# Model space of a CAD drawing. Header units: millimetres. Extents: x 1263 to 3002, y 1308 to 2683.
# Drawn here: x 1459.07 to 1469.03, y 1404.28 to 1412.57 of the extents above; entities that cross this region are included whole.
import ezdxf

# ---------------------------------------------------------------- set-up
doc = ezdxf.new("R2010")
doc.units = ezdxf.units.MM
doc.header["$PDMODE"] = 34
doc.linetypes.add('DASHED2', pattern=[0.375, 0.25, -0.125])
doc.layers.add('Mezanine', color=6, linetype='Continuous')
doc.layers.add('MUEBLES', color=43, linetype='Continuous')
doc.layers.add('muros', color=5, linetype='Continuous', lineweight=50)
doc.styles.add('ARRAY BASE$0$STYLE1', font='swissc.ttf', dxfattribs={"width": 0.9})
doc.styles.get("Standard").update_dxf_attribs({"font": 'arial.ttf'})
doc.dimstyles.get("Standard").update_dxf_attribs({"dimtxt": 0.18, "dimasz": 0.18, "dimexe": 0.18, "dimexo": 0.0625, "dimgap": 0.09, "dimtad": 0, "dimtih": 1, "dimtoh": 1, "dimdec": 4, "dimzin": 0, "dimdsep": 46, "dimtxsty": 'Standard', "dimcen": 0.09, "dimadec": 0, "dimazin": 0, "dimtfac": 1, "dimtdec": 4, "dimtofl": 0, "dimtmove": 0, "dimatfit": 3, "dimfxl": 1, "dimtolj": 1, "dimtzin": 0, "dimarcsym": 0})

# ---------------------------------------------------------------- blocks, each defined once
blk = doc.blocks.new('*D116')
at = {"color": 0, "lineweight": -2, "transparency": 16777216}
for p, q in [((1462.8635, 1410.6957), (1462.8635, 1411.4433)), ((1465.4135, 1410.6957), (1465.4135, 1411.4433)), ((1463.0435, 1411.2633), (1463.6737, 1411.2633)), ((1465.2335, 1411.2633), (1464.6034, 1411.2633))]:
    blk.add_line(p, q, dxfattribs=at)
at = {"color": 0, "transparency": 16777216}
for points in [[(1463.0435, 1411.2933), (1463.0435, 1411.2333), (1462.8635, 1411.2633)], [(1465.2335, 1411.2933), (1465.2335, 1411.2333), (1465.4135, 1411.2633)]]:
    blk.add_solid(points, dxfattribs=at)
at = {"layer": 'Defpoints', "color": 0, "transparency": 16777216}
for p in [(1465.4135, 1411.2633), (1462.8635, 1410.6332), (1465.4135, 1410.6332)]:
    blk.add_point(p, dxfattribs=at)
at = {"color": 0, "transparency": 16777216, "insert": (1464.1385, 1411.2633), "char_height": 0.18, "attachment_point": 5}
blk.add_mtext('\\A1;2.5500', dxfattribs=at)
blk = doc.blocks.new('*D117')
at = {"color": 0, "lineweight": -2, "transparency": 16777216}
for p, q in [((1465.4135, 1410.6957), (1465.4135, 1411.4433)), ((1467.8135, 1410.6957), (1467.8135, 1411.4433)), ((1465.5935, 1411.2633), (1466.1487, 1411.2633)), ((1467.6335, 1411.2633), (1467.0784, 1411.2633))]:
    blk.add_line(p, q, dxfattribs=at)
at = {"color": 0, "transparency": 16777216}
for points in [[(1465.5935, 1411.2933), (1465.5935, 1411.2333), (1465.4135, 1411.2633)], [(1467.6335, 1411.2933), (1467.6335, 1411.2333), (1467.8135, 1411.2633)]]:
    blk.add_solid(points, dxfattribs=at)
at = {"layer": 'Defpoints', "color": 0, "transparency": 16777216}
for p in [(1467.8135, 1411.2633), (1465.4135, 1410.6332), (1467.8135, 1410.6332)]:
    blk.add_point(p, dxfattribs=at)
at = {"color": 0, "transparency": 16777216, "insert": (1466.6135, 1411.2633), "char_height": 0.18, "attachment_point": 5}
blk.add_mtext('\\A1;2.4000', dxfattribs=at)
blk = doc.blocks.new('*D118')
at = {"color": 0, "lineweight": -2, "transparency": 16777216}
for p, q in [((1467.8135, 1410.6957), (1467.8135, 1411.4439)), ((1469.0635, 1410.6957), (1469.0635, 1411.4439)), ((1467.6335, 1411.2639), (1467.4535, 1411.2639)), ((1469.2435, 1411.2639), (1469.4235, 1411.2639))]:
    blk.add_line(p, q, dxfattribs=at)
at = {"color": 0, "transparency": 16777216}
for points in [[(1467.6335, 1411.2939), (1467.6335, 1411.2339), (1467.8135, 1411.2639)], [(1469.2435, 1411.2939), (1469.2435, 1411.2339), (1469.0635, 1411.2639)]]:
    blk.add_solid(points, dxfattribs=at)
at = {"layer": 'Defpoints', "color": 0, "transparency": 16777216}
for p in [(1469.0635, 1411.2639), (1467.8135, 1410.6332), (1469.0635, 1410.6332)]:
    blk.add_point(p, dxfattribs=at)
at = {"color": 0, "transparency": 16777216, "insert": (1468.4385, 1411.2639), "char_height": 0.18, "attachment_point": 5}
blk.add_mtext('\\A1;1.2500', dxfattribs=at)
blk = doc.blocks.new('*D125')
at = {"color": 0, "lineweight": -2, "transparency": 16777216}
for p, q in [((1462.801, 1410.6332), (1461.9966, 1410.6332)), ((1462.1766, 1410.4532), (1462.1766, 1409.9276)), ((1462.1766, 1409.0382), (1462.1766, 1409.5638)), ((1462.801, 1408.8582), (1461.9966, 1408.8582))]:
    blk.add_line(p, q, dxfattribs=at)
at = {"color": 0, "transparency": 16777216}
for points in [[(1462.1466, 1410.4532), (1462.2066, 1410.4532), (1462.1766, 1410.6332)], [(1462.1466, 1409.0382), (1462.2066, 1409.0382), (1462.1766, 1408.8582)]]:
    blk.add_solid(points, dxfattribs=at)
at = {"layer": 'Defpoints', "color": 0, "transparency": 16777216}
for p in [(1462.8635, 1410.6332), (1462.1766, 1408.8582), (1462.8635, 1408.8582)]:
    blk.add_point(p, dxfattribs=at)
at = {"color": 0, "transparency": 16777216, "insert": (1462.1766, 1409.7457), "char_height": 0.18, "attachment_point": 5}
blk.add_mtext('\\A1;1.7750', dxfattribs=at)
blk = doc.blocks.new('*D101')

———

[Activity]: Copy each line of the material where "insert" is found.

[Solution to this problem]:
at = {"color": 0, "transparency": 16777216, "insert": (1464.1385, 1411.2633), "char_height": 0.18, "attachment_point": 5}
at = {"color": 0, "transparency": 16777216, "insert": (1466.6135, 1411.2633), "char_height": 0.18, "attachment_point": 5}
at = {"color": 0, "transparency": 16777216, "insert": (1468.4385, 1411.2639), "char_height": 0.18, "attachment_point": 5}
at = {"color": 0, "transparency": 16777216, "insert": (1462.1766, 1409.7457), "char_height": 0.18, "attachment_point": 5}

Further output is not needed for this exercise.